As in , the explicit solution

$u\left(t,x\right)=\text{A}{e}^{ik}{e}^{inx}{e}^{it|n{|}^{2}}{e}^{i|A{|}^{p-1}t},$ (2)

where $A\ge 0,k\in \frac{ℝ}{2\pi ℤ},n\in {ℤ}^{d}$ cannot converge to a free solution ${\text{e}}^{it\Delta }{\text{u}}_{+}$ due to

the presence of the phase rotation ${\text{e}}^{i|A{|}^{p-1}t}$ which is caused by the nonlinearity. We will show this is the only solution that scatters modulo phase rotation in ${H}^{1}$ in the sense that there exists ${u}_{+}\in {H}^{1}\left({\mathbb{T}}^{d}\right)$ and function $\theta :ℝ\to ℝ/2\text{π}ℤ$ such that

${‖u\left(t\right)-{e}^{i\theta \left(t\right)}{e}^{-it\Delta }{u}_{+}‖}_{{H}^{1}\left({\mathbb{T}}^{d}\right)}\to 0,as\text{}t\to \infty .$

is of the form (2), which then reveals that no solution of the nonlinear Schrödinger equation on torus can scatter to free solution.

2. Main Theorem

In this section, we will present the main theorem in this article. We will show the only solution that scatters modulo phase rotation is of the form (2).
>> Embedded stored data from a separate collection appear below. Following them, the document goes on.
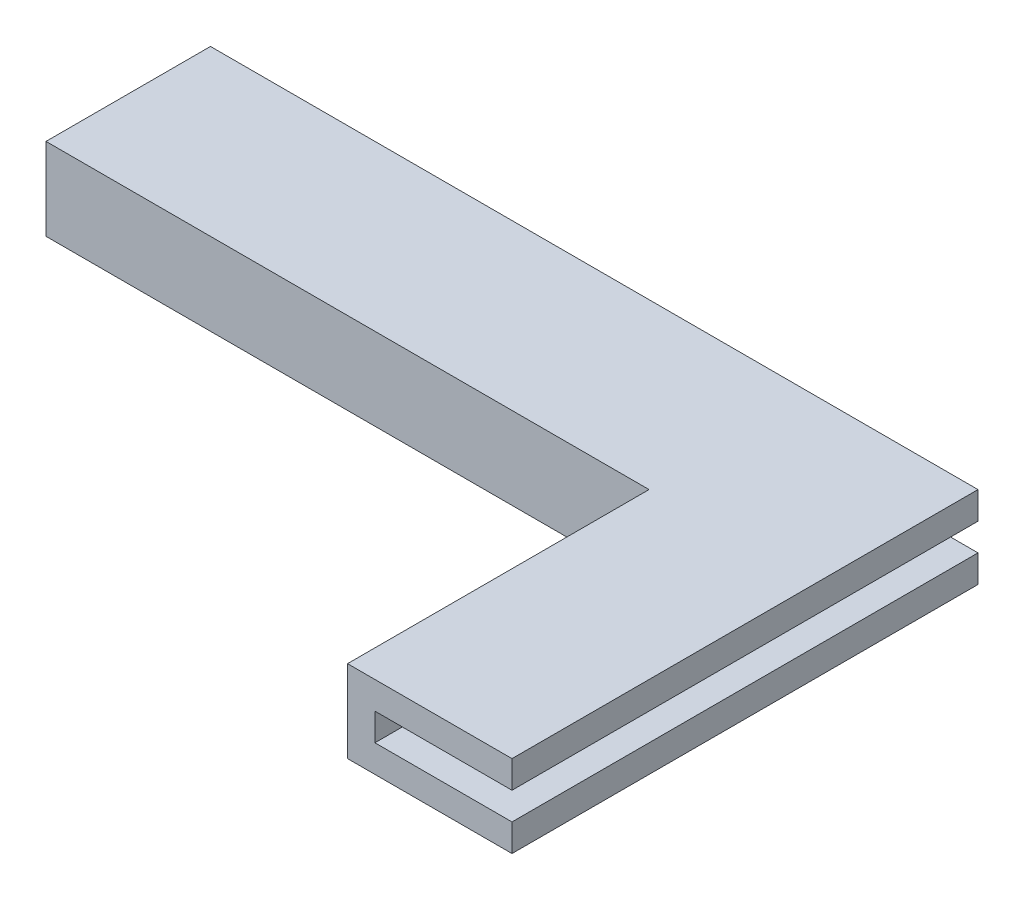
ISO-10303-21;
HEADER;
FILE_DESCRIPTION(('STEP AP214'),'2;1');
FILE_NAME('part.step','',(''),(''),'','','');
FILE_SCHEMA(('AUTOMOTIVE_DESIGN { 1 0 10303 214 1 1 1 1 }'));
ENDSEC;
DATA;
#1=APPLICATION_CONTEXT('core data for automotive mechanical design processes');
#2=APPLICATION_PROTOCOL_DEFINITION('international standard','automotive_design',2000,#1);
#3=PRODUCT_CONTEXT('',#1,'mechanical');
#4=PRODUCT('Part','Part','',(#3));
#5=PRODUCT_RELATED_PRODUCT_CATEGORY('part','',(#4));
#6=PRODUCT_DEFINITION_FORMATION('','',#4);
#7=PRODUCT_DEFINITION_CONTEXT('part definition',#1,'design');
#8=PRODUCT_DEFINITION('design','',#6,#7);
#9=PRODUCT_DEFINITION_SHAPE('','',#8);
#10=(LENGTH_UNIT() NAMED_UNIT(*) SI_UNIT(.MILLI.,.METRE.));
#11=(NAMED_UNIT(*) PLANE_ANGLE_UNIT() SI_UNIT($,.RADIAN.));
#12=(NAMED_UNIT(*) SI_UNIT($,.STERADIAN.) SOLID_ANGLE_UNIT());
#13=UNCERTAINTY_MEASURE_WITH_UNIT(LENGTH_MEASURE(1.E-05),#10,'distance_accuracy_value','');
#14=(GEOMETRIC_REPRESENTATION_CONTEXT(3) GLOBAL_UNCERTAINTY_ASSIGNED_CONTEXT((#13)) GLOBAL_UNIT_ASSIGNED_CONTEXT((#10,
#11,#12)) REPRESENTATION_CONTEXT('',''));
#15=CARTESIAN_POINT('',(0.,0.,0.));
#16=DIRECTION('',(0.,0.,1.));
#17=DIRECTION('',(1.,0.,0.));
#18=AXIS2_PLACEMENT_3D('',#15,#16,#17);
#19=CARTESIAN_POINT('',(0.,0.,5.));
#20=DIRECTION('',(0.,0.,1.));
#21=DIRECTION('',(1.,0.,0.));
#22=AXIS2_PLACEMENT_3D('',#19,#20,#21);
#23=PLANE('',#22);
#24=DIRECTION('',(1.,0.,0.));
#25=VECTOR('',#24,1.);
#26=CARTESIAN_POINT('',(0.,2.,5.));
#27=LINE('',#26,#25);
#28=CARTESIAN_POINT('',(0.,2.,5.));
#29=VERTEX_POINT('',#28);
#30=CARTESIAN_POINT('',(23.,2.,5.));
#31=VERTEX_POINT('',#30);
#32=EDGE_CURVE('E179',#29,#31,#27,.T.);
#33=ORIENTED_EDGE('',*,*,#32,.T.);
#34=DIRECTION('',(0.,1.,0.));
#35=VECTOR('',#34,1.);
#36=CARTESIAN_POINT('',(23.,1.,5.));
#37=LINE('',#36,#35);
#38=CARTESIAN_POINT('',(23.,1.,5.));
#39=VERTEX_POINT('',#38);
#40=EDGE_CURVE('E195',#39,#31,#37,.T.);
#41=ORIENTED_EDGE('',*,*,#40,.F.);
#42=DIRECTION('',(-1.,0.,0.));
#43=VECTOR('',#42,1.);
#44=CARTESIAN_POINT('',(0.,1.,5.));
#45=LINE('',#44,#43);
#46=CARTESIAN_POINT('',(0.,1.,5.));
#47=VERTEX_POINT('',#46);
#48=EDGE_CURVE('E62',#39,#47,#45,.T.);
#49=ORIENTED_EDGE('',*,*,#48,.T.);
#50=DIRECTION('',(0.,-1.,0.));
#51=VECTOR('',#50,1.);
#52=CARTESIAN_POINT('',(0.,3.,5.));
#53=LINE('',#52,#51);
#54=EDGE_CURVE('E189',#29,#47,#53,.T.);
#55=ORIENTED_EDGE('',*,*,#54,.F.);
#56=EDGE_LOOP('',(#33,#41,#49,#55));
#57=FACE_BOUND('',#56,.T.);
#58=ADVANCED_FACE('F39',(#57),#23,.F.);
#59=CARTESIAN_POINT('',(0.,0.,5.));
#60=DIRECTION('',(1.,0.,0.));
#61=DIRECTION('',(0.,0.,-1.));
#62=AXIS2_PLACEMENT_3D('',#59,#60,#61);
#63=PLANE('',#62);
#64=DIRECTION('',(0.,-1.,0.));
#65=VECTOR('',#64,1.);
#66=CARTESIAN_POINT('',(0.,0.,0.));
#67=LINE('',#66,#65);
#68=CARTESIAN_POINT('',(0.,1.,0.));
#69=VERTEX_POINT('',#68);
#70=CARTESIAN_POINT('',(0.,0.,0.));
#71=VERTEX_POINT('',#70);
#72=EDGE_CURVE('E209',#69,#71,#67,.T.);
#73=ORIENTED_EDGE('',*,*,#72,.T.);
#74=DIRECTION('',(0.,0.,-1.));
#75=VECTOR('',#74,1.);
#76=CARTESIAN_POINT('',(0.,0.,5.));
#77=LINE('',#76,#75);
#78=CARTESIAN_POINT('',(0.,0.,6.));
#79=VERTEX_POINT('',#78);
#80=EDGE_CURVE('E11',#79,#71,#77,.T.);
#81=ORIENTED_EDGE('',*,*,#80,.F.);
#82=DIRECTION('',(0.,-1.,0.));
#83=VECTOR('',#82,1.);
#84=CARTESIAN_POINT('',(0.,3.,6.));
#85=LINE('',#84,#83);
#86=CARTESIAN_POINT('',(0.,3.,6.));
#87=VERTEX_POINT('',#86);
#88=EDGE_CURVE('E191',#87,#79,#85,.T.);
#89=ORIENTED_EDGE('',*,*,#88,.F.);
#90=DIRECTION('',(0.,0.,-1.));
#91=VECTOR('',#90,1.);
#92=CARTESIAN_POINT('',(0.,3.,6.));
#93=LINE('',#92,#91);
#94=CARTESIAN_POINT('',(0.,3.,0.));
#95=VERTEX_POINT('',#94);
#96=EDGE_CURVE('E140',#87,#95,#93,.T.);
#97=ORIENTED_EDGE('',*,*,#96,.T.);
#98=DIRECTION('',(0.,-1.,0.));
#99=VECTOR('',#98,1.);
#100=CARTESIAN_POINT('',(0.,2.,0.));
#101=LINE('',#100,#99);
#102=CARTESIAN_POINT('',(0.,2.,0.));
#103=VERTEX_POINT('',#102);
#104=EDGE_CURVE('E186',#95,#103,#101,.T.);
#105=ORIENTED_EDGE('',*,*,#104,.T.);
#106=DIRECTION('',(0.,0.,-1.));
#107=VECTOR('',#106,1.);
#108=CARTESIAN_POINT('',(0.,2.,5.));
#109=LINE('',#108,#107);
#110=EDGE_CURVE('E176',#29,#103,#109,.T.);
#111=ORIENTED_EDGE('',*,*,#110,.F.);
#112=ORIENTED_EDGE('',*,*,#54,.T.);
#113=DIRECTION('',(0.,0.,-1.));
#114=VECTOR('',#113,1.);
#115=CARTESIAN_POINT('',(0.,1.,5.));
#116=LINE('',#115,#114);
#117=EDGE_CURVE('E211',#47,#69,#116,.T.);
#118=ORIENTED_EDGE('',*,*,#117,.T.);
#119=EDGE_LOOP('',(#73,#81,#89,#97,#105,#111,#112,#118));
#120=FACE_BOUND('',#119,.T.);
#121=ADVANCED_FACE('F41',(#120),#63,.F.);
#122=CARTESIAN_POINT('',(0.,0.,5.));
#123=DIRECTION('',(0.,1.,0.));
#124=DIRECTION('',(0.,0.,1.));
#125=AXIS2_PLACEMENT_3D('',#122,#123,#124);
#126=PLANE('',#125);
#127=DIRECTION('',(1.,0.,0.));
#128=VECTOR('',#127,1.);
#129=CARTESIAN_POINT('',(0.,0.,0.));
#130=LINE('',#129,#128);
#131=CARTESIAN_POINT('',(28.,0.,0.));
#132=VERTEX_POINT('',#131);
#133=EDGE_CURVE('E215',#71,#132,#130,.T.);
#134=ORIENTED_EDGE('',*,*,#133,.T.);
#135=DIRECTION('',(0.,0.,-1.));
#136=VECTOR('',#135,1.);
#137=CARTESIAN_POINT('',(28.,0.,5.));
#138=LINE('',#137,#136);
#139=CARTESIAN_POINT('',(28.,0.,17.));
#140=VERTEX_POINT('',#139);
#141=EDGE_CURVE('E47',#140,#132,#138,.T.);
#142=ORIENTED_EDGE('',*,*,#141,.F.);
#143=DIRECTION('',(1.,0.,0.));
#144=VECTOR('',#143,1.);
#145=CARTESIAN_POINT('',(22.,0.,17.));
#146=LINE('',#145,#144);
#147=CARTESIAN_POINT('',(22.,0.,17.));
#148=VERTEX_POINT('',#147);
#149=EDGE_CURVE('E160',#148,#140,#146,.T.);
#150=ORIENTED_EDGE('',*,*,#149,.F.);
#151=DIRECTION('',(0.,0.,-1.));
#152=VECTOR('',#151,1.);
#153=CARTESIAN_POINT('',(22.,0.,17.));
#154=LINE('',#153,#152);
#155=CARTESIAN_POINT('',(22.,0.,6.));
#156=VERTEX_POINT('',#155);
#157=EDGE_CURVE('E171',#148,#156,#154,.T.);
#158=ORIENTED_EDGE('',*,*,#157,.T.);
#159=DIRECTION('',(1.,0.,0.));
#160=VECTOR('',#159,1.);
#161=CARTESIAN_POINT('',(0.,0.,6.));
#162=LINE('',#161,#160);
#163=EDGE_CURVE('E194',#79,#156,#162,.T.);
#164=ORIENTED_EDGE('',*,*,#163,.F.);
#165=ORIENTED_EDGE('',*,*,#80,.T.);
#166=EDGE_LOOP('',(#134,#142,#150,#158,#164,#165));
#167=FACE_BOUND('',#166,.T.);
#168=ADVANCED_FACE('F257',(#167),#126,.F.);
#169=CARTESIAN_POINT('',(28.,0.,5.));
#170=DIRECTION('',(-1.,0.,0.));
#171=DIRECTION('',(0.,0.,1.));
#172=AXIS2_PLACEMENT_3D('',#169,#170,#171);
#173=PLANE('',#172);
#174=DIRECTION('',(0.,1.,0.));
#175=VECTOR('',#174,1.);
#176=CARTESIAN_POINT('',(28.,0.,0.));
#177=LINE('',#176,#175);
#178=CARTESIAN_POINT('',(28.,1.,0.));
#179=VERTEX_POINT('',#178);
#180=EDGE_CURVE('E217',#132,#179,#177,.T.);
#181=ORIENTED_EDGE('',*,*,#180,.T.);
#182=DIRECTION('',(0.,0.,-1.));
#183=VECTOR('',#182,1.);
#184=CARTESIAN_POINT('',(28.,1.,5.));
#185=LINE('',#184,#183);
#186=CARTESIAN_POINT('',(28.,1.,17.));
#187=VERTEX_POINT('',#186);
#188=EDGE_CURVE('E222',#187,#179,#185,.T.);
#189=ORIENTED_EDGE('',*,*,#188,.F.);
#190=DIRECTION('',(0.,1.,0.));
#191=VECTOR('',#190,1.);
#192=CARTESIAN_POINT('',(28.,0.,17.));
#193=LINE('',#192,#191);
#194=EDGE_CURVE('E163',#140,#187,#193,.T.);
#195=ORIENTED_EDGE('',*,*,#194,.F.);
#196=ORIENTED_EDGE('',*,*,#141,.T.);
#197=EDGE_LOOP('',(#181,#189,#195,#196));
#198=FACE_BOUND('',#197,.T.);
#199=ADVANCED_FACE('F228',(#198),#173,.F.);
#200=CARTESIAN_POINT('',(0.,1.,5.));
#201=DIRECTION('',(0.,-1.,0.));
#202=DIRECTION('',(0.,0.,-1.));
#203=AXIS2_PLACEMENT_3D('',#200,#201,#202);
#204=PLANE('',#203);
#205=DIRECTION('',(-1.,0.,0.));
#206=VECTOR('',#205,1.);
#207=CARTESIAN_POINT('',(0.,1.,0.));
#208=LINE('',#207,#206);
#209=EDGE_CURVE('E212',#179,#69,#208,.T.);
#210=ORIENTED_EDGE('',*,*,#209,.T.);
#211=ORIENTED_EDGE('',*,*,#117,.F.);
#212=ORIENTED_EDGE('',*,*,#48,.F.);
#213=DIRECTION('',(0.,0.,-1.));
#214=VECTOR('',#213,1.);
#215=CARTESIAN_POINT('',(23.,1.,6.));
#216=LINE('',#215,#214);
#217=CARTESIAN_POINT('',(23.,1.,17.));
#218=VERTEX_POINT('',#217);
#219=EDGE_CURVE('E207',#218,#39,#216,.T.);
#220=ORIENTED_EDGE('',*,*,#219,.F.);
#221=DIRECTION('',(-1.,0.,0.));
#222=VECTOR('',#221,1.);
#223=CARTESIAN_POINT('',(28.,1.,17.));
#224=LINE('',#223,#222);
#225=EDGE_CURVE('E166',#187,#218,#224,.T.);
#226=ORIENTED_EDGE('',*,*,#225,.F.);
#227=ORIENTED_EDGE('',*,*,#188,.T.);
#228=EDGE_LOOP('',(#210,#211,#212,#220,#226,#227));
#229=FACE_BOUND('',#228,.T.);
#230=ADVANCED_FACE('F235',(#229),#204,.F.);
#231=CARTESIAN_POINT('',(0.,0.,0.));
#232=DIRECTION('',(0.,0.,-1.));
#233=DIRECTION('',(-1.,0.,0.));
#234=AXIS2_PLACEMENT_3D('',#231,#232,#233);
#235=PLANE('',#234);
#236=ORIENTED_EDGE('',*,*,#72,.F.);
#237=ORIENTED_EDGE('',*,*,#209,.F.);
#238=ORIENTED_EDGE('',*,*,#180,.F.);
#239=ORIENTED_EDGE('',*,*,#133,.F.);
#240=EDGE_LOOP('',(#236,#237,#238,#239));
#241=FACE_BOUND('',#240,.T.);
#242=ADVANCED_FACE('F234',(#241),#235,.T.);
#243=CARTESIAN_POINT('',(23.,1.,6.));
#244=DIRECTION('',(-1.,0.,0.));
#245=DIRECTION('',(0.,0.,1.));
#246=AXIS2_PLACEMENT_3D('',#243,#244,#245);
#247=PLANE('',#246);
#248=ORIENTED_EDGE('',*,*,#40,.T.);
#249=DIRECTION('',(0.,0.,-1.));
#250=VECTOR('',#249,1.);
#251=CARTESIAN_POINT('',(23.,2.,6.));
#252=LINE('',#251,#250);
#253=CARTESIAN_POINT('',(23.,2.,17.));
#254=VERTEX_POINT('',#253);
#255=EDGE_CURVE('E204',#254,#31,#252,.T.);
#256=ORIENTED_EDGE('',*,*,#255,.F.);
#257=DIRECTION('',(0.,1.,0.));
#258=VECTOR('',#257,1.);
#259=CARTESIAN_POINT('',(23.,1.,17.));
#260=LINE('',#259,#258);
#261=EDGE_CURVE('E169',#218,#254,#260,.T.);
#262=ORIENTED_EDGE('',*,*,#261,.F.);
#263=ORIENTED_EDGE('',*,*,#219,.T.);
#264=EDGE_LOOP('',(#248,#256,#262,#263));
#265=FACE_BOUND('',#264,.T.);
#266=ADVANCED_FACE('F243',(#265),#247,.F.);
#267=CARTESIAN_POINT('',(23.,2.,6.));
#268=DIRECTION('',(0.,1.,0.));
#269=DIRECTION('',(0.,0.,1.));
#270=AXIS2_PLACEMENT_3D('',#267,#268,#269);
#271=PLANE('',#270);
#272=ORIENTED_EDGE('',*,*,#255,.T.);
#273=ORIENTED_EDGE('',*,*,#32,.F.);
#274=ORIENTED_EDGE('',*,*,#110,.T.);
#275=DIRECTION('',(1.,0.,0.));
#276=VECTOR('',#275,1.);
#277=CARTESIAN_POINT('',(0.,2.,0.));
#278=LINE('',#277,#276);
#279=CARTESIAN_POINT('',(28.,2.,0.));
#280=VERTEX_POINT('',#279);
#281=EDGE_CURVE('E183',#103,#280,#278,.T.);
#282=ORIENTED_EDGE('',*,*,#281,.T.);
#283=DIRECTION('',(0.,0.,-1.));
#284=VECTOR('',#283,1.);
#285=CARTESIAN_POINT('',(28.,2.,6.));
#286=LINE('',#285,#284);
#287=CARTESIAN_POINT('',(28.,2.,17.));
#288=VERTEX_POINT('',#287);
#289=EDGE_CURVE('E139',#288,#280,#286,.T.);
#290=ORIENTED_EDGE('',*,*,#289,.F.);
#291=DIRECTION('',(1.,0.,0.));
#292=VECTOR('',#291,1.);
#293=CARTESIAN_POINT('',(23.,2.,17.));
#294=LINE('',#293,#292);
#295=EDGE_CURVE('E155',#254,#288,#294,.T.);
#296=ORIENTED_EDGE('',*,*,#295,.F.);
#297=EDGE_LOOP('',(#272,#273,#274,#282,#290,#296));
#298=FACE_BOUND('',#297,.T.);
#299=ADVANCED_FACE('F246',(#298),#271,.F.);
#300=CARTESIAN_POINT('',(28.,2.,6.));
#301=DIRECTION('',(-1.,0.,0.));
#302=DIRECTION('',(0.,0.,1.));
#303=AXIS2_PLACEMENT_3D('',#300,#301,#302);
#304=PLANE('',#303);
#305=ORIENTED_EDGE('',*,*,#289,.T.);
#306=DIRECTION('',(0.,1.,0.));
#307=VECTOR('',#306,1.);
#308=CARTESIAN_POINT('',(28.,2.,0.));
#309=LINE('',#308,#307);
#310=CARTESIAN_POINT('',(28.,3.,0.));
#311=VERTEX_POINT('',#310);
#312=EDGE_CURVE('E135',#280,#311,#309,.T.);
#313=ORIENTED_EDGE('',*,*,#312,.T.);
#314=DIRECTION('',(0.,0.,-1.));
#315=VECTOR('',#314,1.);
#316=CARTESIAN_POINT('',(28.,3.,6.));
#317=LINE('',#316,#315);
#318=CARTESIAN_POINT('',(28.,3.,17.));
#319=VERTEX_POINT('',#318);
#320=EDGE_CURVE('E129',#319,#311,#317,.T.);
#321=ORIENTED_EDGE('',*,*,#320,.F.);
#322=DIRECTION('',(0.,1.,0.));
#323=VECTOR('',#322,1.);
#324=CARTESIAN_POINT('',(28.,3.,17.));
#325=LINE('',#324,#323);
#326=EDGE_CURVE('E133',#288,#319,#325,.T.);
#327=ORIENTED_EDGE('',*,*,#326,.F.);
#328=EDGE_LOOP('',(#305,#313,#321,#327));
#329=FACE_BOUND('',#328,.T.);
#330=ADVANCED_FACE('F131',(#329),#304,.F.);
#331=CARTESIAN_POINT('',(0.,3.,6.));
#332=DIRECTION('',(0.,-1.,0.));
#333=DIRECTION('',(0.,0.,-1.));
#334=AXIS2_PLACEMENT_3D('',#331,#332,#333);
#335=PLANE('',#334);
#336=ORIENTED_EDGE('',*,*,#320,.T.);
#337=DIRECTION('',(-1.,0.,0.));
#338=VECTOR('',#337,1.);
#339=CARTESIAN_POINT('',(0.,3.,0.));
#340=LINE('',#339,#338);
#341=EDGE_CURVE('E180',#311,#95,#340,.T.);
#342=ORIENTED_EDGE('',*,*,#341,.T.);
#343=ORIENTED_EDGE('',*,*,#96,.F.);
#344=DIRECTION('',(-1.,0.,0.));
#345=VECTOR('',#344,1.);
#346=CARTESIAN_POINT('',(0.,3.,6.));
#347=LINE('',#346,#345);
#348=CARTESIAN_POINT('',(22.,3.,6.));
#349=VERTEX_POINT('',#348);
#350=EDGE_CURVE('E197',#349,#87,#347,.T.);
#351=ORIENTED_EDGE('',*,*,#350,.F.);
#352=DIRECTION('',(0.,0.,-1.));
#353=VECTOR('',#352,1.);
#354=CARTESIAN_POINT('',(22.,3.,17.));
#355=LINE('',#354,#353);
#356=CARTESIAN_POINT('',(22.,3.,17.));
#357=VERTEX_POINT('',#356);
#358=EDGE_CURVE('E146',#357,#349,#355,.T.);
#359=ORIENTED_EDGE('',*,*,#358,.F.);
#360=DIRECTION('',(-1.,0.,0.));
#361=VECTOR('',#360,1.);
#362=CARTESIAN_POINT('',(28.,3.,17.));
#363=LINE('',#362,#361);
#364=EDGE_CURVE('E143',#319,#357,#363,.T.);
#365=ORIENTED_EDGE('',*,*,#364,.F.);
#366=EDGE_LOOP('',(#336,#342,#343,#351,#359,#365));
#367=FACE_BOUND('',#366,.T.);
#368=ADVANCED_FACE('F144',(#367),#335,.F.);
#369=CARTESIAN_POINT('',(0.,0.,6.));
#370=DIRECTION('',(0.,0.,1.));
#371=DIRECTION('',(1.,0.,0.));
#372=AXIS2_PLACEMENT_3D('',#369,#370,#371);
#373=PLANE('',#372);
#374=DIRECTION('',(0.,-1.,0.));
#375=VECTOR('',#374,1.);
#376=CARTESIAN_POINT('',(22.,3.,6.));
#377=LINE('',#376,#375);
#378=EDGE_CURVE('E54',#349,#156,#377,.T.);
#379=ORIENTED_EDGE('',*,*,#378,.F.);
#380=ORIENTED_EDGE('',*,*,#350,.T.);
#381=ORIENTED_EDGE('',*,*,#88,.T.);
#382=ORIENTED_EDGE('',*,*,#163,.T.);
#383=EDGE_LOOP('',(#379,#380,#381,#382));
#384=FACE_BOUND('',#383,.T.);
#385=ADVANCED_FACE('F253',(#384),#373,.T.);
#386=CARTESIAN_POINT('',(0.,0.,0.));
#387=DIRECTION('',(0.,0.,-1.));
#388=DIRECTION('',(-1.,0.,0.));
#389=AXIS2_PLACEMENT_3D('',#386,#387,#388);
#390=PLANE('',#389);
#391=ORIENTED_EDGE('',*,*,#104,.F.);
#392=ORIENTED_EDGE('',*,*,#341,.F.);
#393=ORIENTED_EDGE('',*,*,#312,.F.);
#394=ORIENTED_EDGE('',*,*,#281,.F.);
#395=EDGE_LOOP('',(#391,#392,#393,#394));
#396=FACE_BOUND('',#395,.T.);
#397=ADVANCED_FACE('F249',(#396),#390,.T.);
#398=CARTESIAN_POINT('',(22.,3.,17.));
#399=DIRECTION('',(1.,0.,0.));
#400=DIRECTION('',(0.,0.,-1.));
#401=AXIS2_PLACEMENT_3D('',#398,#399,#400);
#402=PLANE('',#401);
#403=ORIENTED_EDGE('',*,*,#378,.T.);
#404=ORIENTED_EDGE('',*,*,#157,.F.);
#405=DIRECTION('',(0.,-1.,0.));
#406=VECTOR('',#405,1.);
#407=CARTESIAN_POINT('',(22.,3.,17.));
#408=LINE('',#407,#406);
#409=EDGE_CURVE('E149',#357,#148,#408,.T.);
#410=ORIENTED_EDGE('',*,*,#409,.F.);
#411=ORIENTED_EDGE('',*,*,#358,.T.);
#412=EDGE_LOOP('',(#403,#404,#410,#411));
#413=FACE_BOUND('',#412,.T.);
#414=ADVANCED_FACE('F256',(#413),#402,.F.);
#415=CARTESIAN_POINT('',(0.,0.,17.));
#416=DIRECTION('',(0.,0.,1.));
#417=DIRECTION('',(1.,0.,0.));
#418=AXIS2_PLACEMENT_3D('',#415,#416,#417);
#419=PLANE('',#418);
#420=ORIENTED_EDGE('',*,*,#326,.T.);
#421=ORIENTED_EDGE('',*,*,#364,.T.);
#422=ORIENTED_EDGE('',*,*,#409,.T.);
#423=ORIENTED_EDGE('',*,*,#149,.T.);
#424=ORIENTED_EDGE('',*,*,#194,.T.);
#425=ORIENTED_EDGE('',*,*,#225,.T.);
#426=ORIENTED_EDGE('',*,*,#261,.T.);
#427=ORIENTED_EDGE('',*,*,#295,.T.);
#428=EDGE_LOOP('',(#420,#421,#422,#423,#424,#425,#426,#427));
#429=FACE_BOUND('',#428,.T.);
#430=ADVANCED_FACE('F152',(#429),#419,.T.);
#431=CLOSED_SHELL('',(#58,#121,#168,#199,#230,#242,#266,#299,#330,#368,#385,#397,#414,#430));
#432=MANIFOLD_SOLID_BREP('B2',#431);
#433=ADVANCED_BREP_SHAPE_REPRESENTATION('',(#18,#432),#14);
#434=SHAPE_DEFINITION_REPRESENTATION(#9,#433);
ENDSEC;
END-ISO-10303-21;

Theorem 1 (No non-trivial solution scatters modulo phase rotation). Let $u:ℝ×{\mathbb{T}}^{d}\to ℂ$ be an ${H}^{1}$ solution to (1) which scatters modulo phase in ${H}^{1}$ , then u is of the form (2) for some $A\ge 0,k\in ℝ/2\text{π}ℤ,n\in {ℤ}^{d}$ .

To prove this theorem, we first need some lemmas.

Lemma 2 (Pre-compactness). For ${u}_{+}\in {\text{H}}^{1}\left({\mathbb{T}}^{d}\right)$ ,

$\left\{{e}^{i\theta }{e}^{it\Delta }{u}_{+}:\theta \in ℝ/2\pi ℤ,t\in ℝ\right\}$ is pre-compact in ${H}^{1}\left({\mathbb{T}}^{d}\right)$ .

Proof. It is equivalent to show $\left\{{e}^{i\theta }{e}^{-it{|n|}^{2}}{\stackrel{^}{u}}_{+}\left(n\right):\theta \in \frac{ℝ}{2\text{π}ℤ},t\in ℝ\right\}$ is pre-compact in ${\text{l}}^{2}\left({〈n〉}^{2}dn\right)$ after taking Fourier transforms. By monotone convergence, $\forall ϵ>0$ , there exists $\text{R}>0$ such that ${\sum }_{n\in {ℤ}^{d},n\ge R}{n}^{2}|{\stackrel{^}{u}}_{+}\left(n\right){|}^{2}\le ϵ$ . We can conclude $\left\{{e}^{i\theta }{e}^{it{||}^{2}}\stackrel{^}{{u}_{+}}:\theta \in ℝ/2\text{π}ℤ,t\in ℝ\right\}$ is covered by finitely many balls of radius $O\left(ϵ\right)$ , and the claim follows.

Lemma 3 (Diamagnetic inequality) If $u\in {\text{H}}^{1}\left({\mathbb{T}}^{d}\right)$ , then $|u|\in {\text{H}}^{1}\left({\mathbb{T}}^{d}\right)$ and

${‖|u|‖}_{{H}^{1}\left({\mathbb{T}}^{d}\right)}\le {‖u‖}_{{H}^{1}\left({\mathbb{T}}^{d}\right)}$ .

Proof. It suffices to verify this when $u$ is smooth. For any $ϵ>0$ , we have

$2|\sqrt{{ϵ}^{2}+|u{|}^{2}}\nabla \sqrt{{ϵ}^{2}+|u{|}^{2}}|=|\nabla \left({ϵ}^{2}+|u{|}^{2}\right)|=2|\mathrm{Re}\left(\stackrel{¯}{u}\nabla u\right)|\le 2|u||\nabla u|$ ,

and hence

$|\nabla \sqrt{{ϵ}^{2}+|u{|}^{2}}|\le |\nabla u|$ . Taking distributional limits as $ϵ\to 0$ , we obtain the claim.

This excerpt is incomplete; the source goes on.